# Given data:
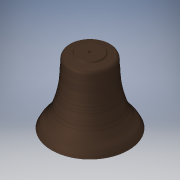
# Autodesk Inventor part: bell
Saved by Autodesk Inventor 2017 (Build 210142000, 142)
## iProperties
Created: 2016-09-29
Part Number: bell
Material: Bronze, Cast
Document SubType Name: Modeling
Designer: canti021
Density: 8.45 g/cm^3
Appearance: Bronze - Satin
Author: canti021
Autodesk Inventor part; units mm, degrees
ref_plane "YZ Plane" through (0, 0, 0) normal (1, 0, 0) x (0, 1, 0)
ref_plane "XZ Plane" through (0, 0, 0) normal (0, 1, 0) x (-1, 0, 0)
ref_plane "XY Plane" through (0, 0, 0) normal (0, 0, 1) x (1, 0, 0)
sketch "Sketch1" plane through (0, 0, 0) normal (0, 0, 1) x (1, 0, 0)
  spline S0 degree 3 poles (58.871, 16.2187) (58.8456, 16.6364) (59.2227, 17.7302) (62.2401, 23.533) (64.3081, 27.5098) (66, 31.0198) (66, 31.3331) (66, 31.6465) (68.4469, 36.5488) (71.4375, 42.2273) (76.7576, 52.3288) (77.7094, 54.0452) (83.4201, 63.8339) (84.9574, 66.469) (90.7691, 73.7771) (96.3349, 80.0741) (106.446, 91.5134) (114.75, 101.5516) (114.75, 102.335) (114.75, 102.5632) (115.2804, 103.3406) (115.9287, 104.0625) (117.7509, 106.0915) (128.1618, 122.2601) (129.8128, 125.625) (130.6224, 127.275) (132.2051, 130.0773) (133.3299, 131.8523) (137.2192, 137.9897) (150.75, 163.3632) (150.75, 164.5191) (150.75, 164.8886) (151.7405, 167.2573) (152.951, 169.783) (155.5846, 175.2773) (161.25, 190.7483) (161.25, 192.4455) (161.25, 193.1071) (161.7267, 194.7118) (162.3093, 196.0117) (162.8919, 197.3115) (164.1292, 201.4125) (165.0589, 205.125) (165.9886, 208.8375) (167.0014, 212.2125) (167.3095, 212.625) (167.6177, 213.0375) (168.591, 216.3598) (169.4725, 220.0078) (170.3539, 223.6558) (171.359, 227.1996) (171.706, 227.8828) (172.555, 229.5544) (174.7488, 237.242) (174.7546, 238.5659) (174.757, 239.1484) (175.2636, 240.592) (175.88, 241.7739) (176.4963, 242.9557) (177.6864, 246.837) (178.5246, 250.3989) (179.3627, 253.9607) (180.3404, 257.55) (180.6973, 258.375) (181.3815, 259.9569) (182.4138, 264.9065) (183.7475, 273) (184.1893, 275.6812) (184.8551, 278.55) (185.2271, 279.375) (185.599, 280.2) (186.6498, 285.0938) (187.5622, 290.25) (188.4745, 295.4062) (189.4794, 299.9625) (189.7952, 300.375) (190.111, 300.7875) (191.11, 306.3562) (192.0153, 312.75) (192.9205, 319.1438) (193.9326, 324.7125) (194.2645, 325.125) (194.5964, 325.5375) (195.244, 328.575) (195.7037, 331.875) (196.9806, 341.041) (198.6765, 352.8509) (199.8503, 360.75) (200.4326, 364.6688) (201.3057, 374.625) (201.7907, 382.875) (202.2756, 391.125) (202.9691, 398.4399) (203.3319, 399.1302) (203.6947, 399.8206) (204.6695, 416.9551) (205.4982, 437.2069) (206.327, 457.4587) (207.3134, 474.6126) (207.6904, 475.3267) (208.0675, 476.0408) (208.7597, 486.4125) (209.2287, 498.375) (210.504, 530.9028) (211.2343, 542.5727) (212.0952, 544.1776) (212.5221, 544.9737) (213.6114, 547.4813) (214.5157, 549.75) (216.8217, 555.5352) (221.1847, 561.067) (225.8758, 564.1535) (229.4678, 566.5169) (230.7149, 566.876) (238.125, 567.6802) (242.6625, 568.1727) (247.3875, 568.8781) (248.625, 569.2477) (249.8625, 569.6174) (257.2875, 570.6295) (265.125, 571.4968) (282.6702, 573.4384) (285.3766, 574.4859) (287.4793, 580.1489) (288.2336, 582.1805) (289.2088, 584.2742) (289.6466, 584.8016) (290.2812, 585.5662) (300.6399, 585.7215) (340.7837, 585.5677) (357.5641, 585.5035) (374.3446, 585.4392) (391.125, 585.375) (391.125, 581.7967) (391.125, 578.2456) (391.125, 574.6824) (391.125, 571.1192) (391.125, 567.5645) (391.125, 563.9878) (376.9718, 563.9894) (362.4025, 563.9788) (347.8331, 563.9682) (333.2637, 563.9576) (318.6944, 563.947) (304.125, 563.9364) (303.375, 562.426) (302.625, 560.9155) (301.875, 559.405) (300.6375, 556.9128) (299.2875, 554.5967) (298.875, 554.2583) (297.0424, 552.7548) (281.0236, 551.2893) (261, 550.7932) (253.875, 550.6167) (246.75, 550.4402) (239.625, 550.2637) (238.4663, 549.2882) (237.3075, 548.3127) (236.1488, 547.3372) (233.3231, 544.9584) (232.446, 543.6029) (231.4613, 540.0937) (230.7951, 537.7193) (230.25, 534.6797) (230.25, 533.339) (230.25, 531.9983) (229.9145, 530.2745) (229.5045, 529.5084) (229.0945, 528.7422) (228.21, 515.6863) (227.539, 500.4952) (226.868, 485.3041) (226.0173, 467.9812) (225.6487, 462) (225.28, 456.0188) (224.6956, 446.5688) (224.35, 441) (224.0044, 435.4312) (223.1662, 417.5438) (222.4875, 401.25) (221.8087, 384.9562) (220.9394, 370.4438) (220.5558, 369) (220.1721, 367.5562) (219.4736, 360.975) (219.0035, 354.375) (217.773, 337.0987) (216.3606, 322.3014) (215.8179, 321) (215.5598, 320.3812) (214.6315, 313.4625) (213.7549, 305.625) (212.8783, 297.7875) (211.8736, 290.7) (211.5221, 289.875) (210.8262, 288.2412) (209.4857, 280.6339) (208.1954, 270.9971) (207.7442, 267.6268) (207.1219, 264.6174) (206.8125, 264.3096) (206.5031, 264.0018) (206.25, 262.9976) (206.25, 262.078) (206.25, 259.787) (203.3245, 244.4781) (202.5325, 242.625) (201.713, 240.7073) (198.4367, 227.761) (196.0792, 217.125) (195.0735, 212.5875) (193.9209, 208.2) (193.5177, 207.375) (193.1146, 206.55) (192.0614, 203.021) (191.1772, 199.5329) (190.293, 196.0447) (189.3074, 192.6697) (188.9869, 192.0329) (188.6665, 191.396) (187.5573, 187.1625) (186.5221, 182.625) (184.5781, 174.1044) (181.7392, 163.8658) (177.8918, 151.5) (176.6726, 147.5812) (174.7608, 141.3375) (173.6434, 137.625) (172.526, 133.9125) (171.3569, 130.5375) (171.0454, 130.125) (170.7338, 129.7125) (169.8961, 127.5188) (169.1837, 125.25) (167.9712, 121.3882) (160.907, 104.0319) (157.126, 95.625) (156.1984, 93.5625) (155.0081, 90.525) (154.481, 88.875) (153.9538, 87.225) (153.1026, 85.2) (152.5894, 84.375) (152.0761, 83.55) (151.4054, 82.0312) (151.0988, 81) (150.7922, 79.9688) (148.9852, 76.3085) (147.0832, 72.8661) (145.1812, 69.4237) (141.6, 62.7675) (139.125, 58.0745) (136.65, 53.3815) (132.2821, 46.1097) (129.4185, 41.915) (124.941, 35.3561) (123.7334, 34.0892) (120.7935, 32.8663) (118.9133, 32.0843) (116.3625, 30.9613) (115.125, 30.3708) (113.8875, 29.7804) (110.85, 28.5885) (108.375, 27.7223) (105.9, 26.8562) (102.6348, 25.4882) (101.119, 24.6825) (97.8316, 22.9351) (89.7823, 20.718) (78, 18.3146) (68.7056, 16.4187) (64.2733, 15.411) (61.8226, 14.6364) (60.8676, 14.3345) (59.9258, 14.5607) (59.3753, 15.2241) (59.3753, 15.2241) (58.8964, 15.801) (58.871, 16.2187) knots 3 3 3 3 4 5 6 7 8 9 10 11 12 13 14 15 16 17 18 19 20 21 22 23 24 25 26 27 28 29 30 31 32 33 34 35 36 37 38 39 40 41 42 43 44 45 46 47 48 49 50 51 52 53 54 55 56 57 58 59 60 61 62 63 64 65 66 67 68 69 70 71 72 73 74 75 76 77 78 79 80 81 82 83 84 85 86 87 88 89 90 91 92 93 94 95 96 97 98 99 100 101 102 103 104 105 106 107 108 109 110 111 112 113 114 115 116 117 118 119 120 121 122 123 124 125 126 127 128 129 130 131 132 133 134 135 136 137 138 139 140 141 142 143 144 145 146 147 148 149 150 151 152 153 154 155 156 157 158 159 160 161 162 163 164 165 166 167 168 169 170 171 172 173 174 175 176 177 178 179 180 181 182 183 184 185 186 187 188 189 190 191 192 193 194 195 196 197 198 199 200 201 202 203 204 205 206 207 208 209 210 211 212 213 214 215 216 217 218 219 220 221 222 223 224 225 226 227 228 229 230 231 232 233 234 235 236 237 238 239 240 241 242 243 244 245 246 247 248 249 250 251 252 253 254 255 256 257 258 259 260 261 262 263 264 265 266 267 268 269 270 271 272 273 274 275 276 277 278 279 280 280 280 280
  line L0 (58.871, 16.2187) -> (58.8456, 16.6364) construction
  line L1 (58.8456, 16.6364) -> (59.2227, 17.7302) construction
  line L2 (59.2227, 17.7302) -> (62.2401, 23.533) construction
  line L3 (62.2401, 23.533) -> (64.3081, 27.5098) construction
  line L4 (64.3081, 27.5098) -> (66, 31.0198) construction
  line L5 (66, 31.0198) -> (66, 31.3331) construction
  line L6 (66, 31.3331) -> (66, 31.6465) construction
  line L7 (66, 31.6465) -> (68.4469, 36.5488) construction
  line L8 (68.4469, 36.5488) -> (71.4375, 42.2273) construction
  line L9 (71.4375, 42.2273) -> (76.7576, 52.3288) construction
  line L10 (76.7576, 52.3288) -> (77.7094, 54.0452) construction
  line L11 (77.7094, 54.0452) -> (83.4201, 63.8339) construction
  line L12 (83.4201, 63.8339) -> (84.9574, 66.469) construction
  line L13 (84.9574, 66.469) -> (90.7691, 73.7771) construction
  line L14 (90.7691, 73.7771) -> (96.3349, 80.0741) construction
  line L15 (96.3349, 80.0741) -> (106.446, 91.5134) construction
  line L16 (106.446, 91.5134) -> (114.75, 101.5516) construction
  line L17 (114.75, 101.5516) -> (114.75, 102.335) construction
  line L18 (114.75, 102.335) -> (114.75, 102.5632) construction
  line L19 (114.75, 102.5632) -> (115.2804, 103.3406) construction
  line L20 (115.2804, 103.3406) -> (115.9287, 104.0625) construction
  line L21 (115.9287, 104.0625) -> (117.7509, 106.0915) construction
  line L22 (117.7509, 106.0915) -> (128.1618, 122.2601) construction
  line L23 (128.1618, 122.2601) -> (129.8128, 125.625) construction
  line L24 (129.8128, 125.625) -> (130.6224, 127.275) construction
  line L25 (130.6224, 127.275) -> (132.2051, 130.0773) construction
  line L26 (132.2051, 130.0773) -> (133.3299, 131.8523) construction
  line L27 (133.3299, 131.8523) -> (137.2192, 137.9897) construction
  line L28 (137.2192, 137.9897) -> (150.75, 163.3632) construction
  line L29 (150.75, 163.3632) -> (150.75, 164.5191) construction
  line L30 (150.75, 164.5191) -> (150.75, 164.8886) construction
  line L31 (150.75, 164.8886) -> (151.7405, 167.2573) construction
  line L32 (151.7405, 167.2573) -> (152.951, 169.783) construction
  line L33 (152.951, 169.783) -> (155.5846, 175.2773) construction
  line L34 (155.5846, 175.2773) -> (161.25, 190.7483) construction
  line L35 (161.25, 190.7483) -> (161.25, 192.4455) construction
  line L36 (161.25, 192.4455) -> (161.25, 193.1071) construction
  line L37 (161.25, 193.1071) -> (161.7267, 194.7118) construction
  line L38 (161.7267, 194.7118) -> (162.3093, 196.0117) construction
  line L39 (162.3093, 196.0117) -> (162.8919, 197.3115) construction
  line L40 (162.8919, 197.3115) -> (164.1292, 201.4125) construction
  line L41 (164.1292, 201.4125) -> (165.0589, 205.125) construction
  line L42 (165.0589, 205.125) -> (165.9886, 208.8375) construction
  line L43 (165.9886, 208.8375) -> (167.0014, 212.2125) construction
  line L44 (167.0014, 212.2125) -> (167.3095, 212.625) construction
  line L45 (167.3095, 212.625) -> (167.6177, 213.0375) construction
  line L46 (167.6177, 213.0375) -> (168.591, 216.3598) construction
  line L47 (168.591, 216.3598) -> (169.4725, 220.0078) construction
  line L48 (169.4725, 220.0078) -> (170.3539, 223.6558) construction
  line L49 (170.3539, 223.6558) -> (171.359, 227.1996) construction
  line L50 (171.359, 227.1996) -> (171.706, 227.8828) construction
  line L51 (171.706, 227.8828) -> (172.555, 229.5544) construction
  line L52 (172.555, 229.5544) -> (174.7488, 237.242) construction
  line L53 (174.7488, 237.242) -> (174.7546, 238.5659) construction
  line L54 (174.7546, 238.5659) -> (174.757, 239.1484) construction
  line L55 (174.757, 239.1484) -> (175.2636, 240.592) construction
  line L56 (175.2636, 240.592) -> (175.88, 241.7739) construction
  line L57 (175.88, 241.7739) -> (176.4963, 242.9557) construction
  line L58 (176.4963, 242.9557) -> (177.6864, 246.837) construction
  line L59 (177.6864, 246.837) -> (178.5246, 250.3989) construction
  line L60 (178.5246, 250.3989) -> (179.3627, 253.9607) construction
  line L61 (179.3627, 253.9607) -> (180.3404, 257.55) construction
  line L62 (180.3404, 257.55) -> (180.6973, 258.375) construction
  line L63 (180.6973, 258.375) -> (181.3815, 259.9569) construction
  line L64 (181.3815, 259.9569) -> (182.4138, 264.9065) construction
  line L65 (182.4138, 264.9065) -> (183.7475, 273) construction
  line L66 (183.7475, 273) -> (184.1893, 275.6812) construction
  line L67 (184.1893, 275.6812) -> (184.8551, 278.55) construction
  line L68 (184.8551, 278.55) -> (185.2271, 279.375) construction
  line L69 (185.2271, 279.375) -> (185.599, 280.2) construction
  line L70 (185.599, 280.2) -> (186.6498, 285.0938) construction
  line L71 (186.6498, 285.0938) -> (187.5622, 290.25) construction
  line L72 (187.5622, 290.25) -> (188.4745, 295.4062) construction
  line L73 (188.4745, 295.4062) -> (189.4794, 299.9625) construction
  line L74 (189.4794, 299.9625) -> (189.7952, 300.375) construction
  line L75 (189.7952, 300.375) -> (190.111, 300.7875) construction
  line L76 (190.111, 300.7875) -> (191.11, 306.3562) construction
  line L77 (191.11, 306.3562) -> (192.0153, 312.75) construction
  line L78 (192.0153, 312.75) -> (192.9205, 319.1438) construction
  line L79 (192.9205, 319.1438) -> (193.9326, 324.7125) construction
  line L80 (193.9326, 324.7125) -> (194.2645, 325.125) construction
  line L81 (194.2645, 325.125) -> (194.5964, 325.5375) construction
  line L82 (194.5964, 325.5375) -> (195.244, 328.575) construction
  line L83 (195.244, 328.575) -> (195.7037, 331.875) construction
  line L84 (195.7037, 331.875) -> (196.9806, 341.041) construction
  line L85 (196.9806, 341.041) -> (198.6765, 352.8509) construction
  line L86 (198.6765, 352.8509) -> (199.8503, 360.75) construction
  line L87 (199.8503, 360.75) -> (200.4326, 364.6688) construction
  line L88 (200.4326, 364.6688) -> (201.3057, 374.625) construction
  line L89 (201.3057, 374.625) -> (201.7907, 382.875) construction
  line L90 (201.7907, 382.875) -> (202.2756, 391.125) construction
  line L91 (202.2756, 391.125) -> (202.9691, 398.4399) construction
  line L92 (202.9691, 398.4399) -> (203.3319, 399.1302) construction
  line L93 (203.3319, 399.1302) -> (203.6947, 399.8206) construction
  line L94 (203.6947, 399.8206) -> (204.6695, 416.9551) construction
  line L95 (204.6695, 416.9551) -> (205.4982, 437.2069) construction
  line L96 (205.4982, 437.2069) -> (206.327, 457.4587) construction
  line L97 (206.327, 457.4587) -> (207.3134, 474.6126) construction
  line L98 (207.3134, 474.6126) -> (207.6904, 475.3267) construction
  line L99 (207.6904, 475.3267) -> (208.0675, 476.0408) construction
  line L100 (208.0675, 476.0408) -> (208.7597, 486.4125) construction
  line L101 (208.7597, 486.4125) -> (209.2287, 498.375) construction
  line L102 (209.2287, 498.375) -> (210.504, 530.9028) construction
  line L103 (210.504, 530.9028) -> (211.2343, 542.5727) construction
  line L104 (211.2343, 542.5727) -> (212.0952, 544.1776) construction
  line L105 (212.0952, 544.1776) -> (212.5221, 544.9737) construction
  line L106 (212.5221, 544.9737) -> (213.6114, 547.4813) construction
  line L107 (213.6114, 547.4813) -> (214.5157, 549.75) construction
  line L108 (214.5157, 549.75) -> (216.8217, 555.5352) construction
  line L109 (216.8217, 555.5352) -> (221.1847, 561.067) construction
  line L110 (221.1847, 561.067) -> (225.8758, 564.1535) construction
  line L111 (225.8758, 564.1535) -> (229.4678, 566.5169) construction
  line L112 (229.4678, 566.5169) -> (230.7149, 566.876) construction
  line L113 (230.7149, 566.876) -> (238.125, 567.6802) construction
  line L114 (238.125, 567.6802) -> (242.6625, 568.1727) construction
  line L115 (242.6625, 568.1727) -> (247.3875, 568.8781) construction
  line L116 (247.3875, 568.8781) -> (248.625, 569.2477) construction
  line L117 (248.625, 569.2477) -> (249.8625, 569.6174) construction
  line L118 (249.8625, 569.6174) -> (257.2875, 570.6295) construction
  line L119 (257.2875, 570.6295) -> (265.125, 571.4968) construction
  line L120 (265.125, 571.4968) -> (282.6702, 573.4384) construction
  line L121 (282.6702, 573.4384) -> (285.3766, 574.4859) construction
  line L122 (285.3766, 574.4859) -> (287.4793, 580.1489) construction
  line L123 (287.4793, 580.1489) -> (288.2336, 582.1805) construction
  line L124 (288.2336, 582.1805) -> (289.2088, 584.2742) construction
  line L125 (289.2088, 584.2742) -> (289.6466, 584.8016) construction
  line L126 (289.6466, 584.8016) -> (290.2812, 585.5662) construction
  line L127 (290.2812, 585.5662) -> (300.6399, 585.7215) construction
  line L128 (300.6399, 585.7215) -> (340.7837, 585.5677) construction
  line L129 (340.7837, 585.5677) -> (357.5641, 585.5035) construction
  line L130 (357.5641, 585.5035) -> (374.3446, 585.4392) construction
  line L131 (374.3446, 585.4392) -> (391.125, 585.375) construction
  line L132 (391.125, 585.375) -> (391.125, 581.7967) construction
  line L133 (391.125, 581.7967) -> (391.125, 578.2456) construction
  line L134 (391.125, 578.2456) -> (391.125, 574.6824) construction
  line L135 (391.125, 574.6824) -> (391.125, 571.1192) construction
  line L136 (391.125, 571.1192) -> (391.125, 567.5645) construction
  line L137 (391.125, 567.5645) -> (391.125, 563.9878) construction
  line L138 (391.125, 563.9878) -> (376.9718, 563.9894) construction
  line L139 (376.9718, 563.9894) -> (362.4025, 563.9788) construction
  line L140 (362.4025, 563.9788) -> (347.8331, 563.9682) construction
  line L141 (347.8331, 563.9682) -> (333.2637, 563.9576) construction
  line L142 (333.2637, 563.9576) -> (318.6944, 563.947) construction
  line L143 (318.6944, 563.947) -> (304.125, 563.9364) construction
  line L144 (304.125, 563.9364) -> (303.375, 562.426) construction
  line L145 (303.375, 562.426) -> (302.625, 560.9155) construction
  line L146 (302.625, 560.9155) -> (301.875, 559.405) construction
  line L147 (301.875, 559.405) -> (300.6375, 556.9128) construction
  line L148 (300.6375, 556.9128) -> (299.2875, 554.5967) construction
  line L149 (299.2875, 554.5967) -> (298.875, 554.2583) construction
  line L150 (298.875, 554.2583) -> (297.0424, 552.7548) construction
  line L151 (297.0424, 552.7548) -> (281.0236, 551.2893) construction
  line L152 (281.0236, 551.2893) -> (261, 550.7932) construction
  line L153 (261, 550.7932) -> (253.875, 550.6167) construction
  line L154 (253.875, 550.6167) -> (246.75, 550.4402) construction
  line L155 (246.75, 550.4402) -> (239.625, 550.2637) construction
  line L156 (239.625, 550.2637) -> (238.4663, 549.2882) construction
  line L157 (238.4663, 549.2882) -> (237.3075, 548.3127) construction
  line L158 (237.3075, 548.3127) -> (236.1488, 547.3372) construction
  line L159 (236.1488, 547.3372) -> (233.3231, 544.9584) construction
  line L160 (233.3231, 544.9584) -> (232.446, 543.6029) construction
  line L161 (232.446, 543.6029) -> (231.4613, 540.0937) construction
  line L162 (231.4613, 540.0937) -> (230.7951, 537.7193) construction
  line L163 (230.7951, 537.7193) -> (230.25, 534.6797) construction
  line L164 (230.25, 534.6797) -> (230.25, 533.339) construction
  line L165 (230.25, 533.339) -> (230.25, 531.9983) construction
  line L166 (230.25, 531.9983) -> (229.9145, 530.2745) construction
  line L167 (229.9145, 530.2745) -> (229.5045, 529.5084) construction
  line L168 (229.5045, 529.5084) -> (229.0945, 528.7422) construction
  line L169 (229.0945, 528.7422) -> (228.21, 515.6863) construction
  line L170 (228.21, 515.6863) -> (227.539, 500.4952) construction
  line L171 (227.539, 500.4952) -> (226.868, 485.3041) construction
  line L172 (226.868, 485.3041) -> (226.0173, 467.9812) construction
  line L173 (226.0173, 467.9812) -> (225.6487, 462) construction
  line L174 (225.6487, 462) -> (225.28, 456.0188) construction
  line L175 (225.28, 456.0188) -> (224.6956, 446.5688) construction
  line L176 (224.6956, 446.5688) -> (224.35, 441) construction
  line L177 (224.35, 441) -> (224.0044, 435.4312) construction
  line L178 (224.0044, 435.4312) -> (223.1662, 417.5438) construction
  line L179 (223.1662, 417.5438) -> (222.4875, 401.25) construction
  line L180 (222.4875, 401.25) -> (221.8087, 384.9562) construction
  line L181 (221.8087, 384.9562) -> (220.9394, 370.4438) construction
  line L182 (220.9394, 370.4438) -> (220.5558, 369) construction
  line L183 (220.5558, 369) -> (220.1721, 367.5562) construction
  line L184 (220.1721, 367.5562) -> (219.4736, 360.975) construction
  line L185 (219.4736, 360.975) -> (219.0035, 354.375) construction
  line L186 (219.0035, 354.375) -> (217.773, 337.0987) construction
  line L187 (217.773, 337.0987) -> (216.3606, 322.3014) construction
  line L188 (216.3606, 322.3014) -> (215.8179, 321) construction
  line L189 (215.8179, 321) -> (215.5598, 320.3812) construction
  line L190 (215.5598, 320.3812) -> (214.6315, 313.4625) construction
  line L191 (214.6315, 313.4625) -> (213.7549, 305.625) construction
  line L192 (213.7549, 305.625) -> (212.8783, 297.7875) construction
  line L193 (212.8783, 297.7875) -> (211.8736, 290.7) construction
  line L194 (211.8736, 290.7) -> (211.5221, 289.875) construction
  line L195 (211.5221, 289.875) -> (210.8262, 288.2412) construction
  line L196 (210.8262, 288.2412) -> (209.4857, 280.6339) construction
  line L197 (209.4857, 280.6339) -> (208.1954, 270.9971) construction
  line L198 (208.1954, 270.9971) -> (207.7442, 267.6268) construction
  line L199 (207.7442, 267.6268) -> (207.1219, 264.6174) construction
  line L200 (207.1219, 264.6174) -> (206.8125, 264.3096) construction
  line L201 (206.8125, 264.3096) -> (206.5031, 264.0018) construction
  line L202 (206.5031, 264.0018) -> (206.25, 262.9976) construction
  line L203 (206.25, 262.9976) -> (206.25, 262.078) construction
  line L204 (206.25, 262.078) -> (206.25, 259.787) construction
  line L205 (206.25, 259.787) -> (203.3245, 244.4781) construction
  line L206 (203.3245, 244.4781) -> (202.5325, 242.625) construction
  line L207 (202.5325, 242.625) -> (201.713, 240.7073) construction
  line L208 (201.713, 240.7073) -> (198.4367, 227.761) construction
  line L209 (198.4367, 227.761) -> (196.0792, 217.125) construction
  line L210 (196.0792, 217.125) -> (195.0735, 212.5875) construction
  line L211 (195.0735, 212.5875) -> (193.9209, 208.2) construction
  line L212 (193.9209, 208.2) -> (193.5177, 207.375) construction
  line L213 (193.5177, 207.375) -> (193.1146, 206.55) construction
  line L214 (193.1146, 206.55) -> (192.0614, 203.021) construction
  line L215 (192.0614, 203.021) -> (191.1772, 199.5329) construction
  line L216 (191.1772, 199.5329) -> (190.293, 196.0447) construction
  line L217 (190.293, 196.0447) -> (189.3074, 192.6697) construction
  line L218 (189.3074, 192.6697) -> (188.9869, 192.0329) construction
  line L219 (188.9869, 192.0329) -> (188.6665, 191.396) construction
  line L220 (188.6665, 191.396) -> (187.5573, 187.1625) construction
  line L221 (187.5573, 187.1625) -> (186.5221, 182.625) construction
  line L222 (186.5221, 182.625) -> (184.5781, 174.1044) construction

# Your goal:
Look through the listing above. Pick out each line with "normal" and copy it.

# Task output:
ref_plane "YZ Plane" through (0, 0, 0) normal (1, 0, 0) x (0, 1, 0)
ref_plane "XZ Plane" through (0, 0, 0) normal (0, 1, 0) x (-1, 0, 0)
ref_plane "XY Plane" through (0, 0, 0) normal (0, 0, 1) x (1, 0, 0)
sketch "Sketch1" plane through (0, 0, 0) normal (0, 0, 1) x (1, 0, 0)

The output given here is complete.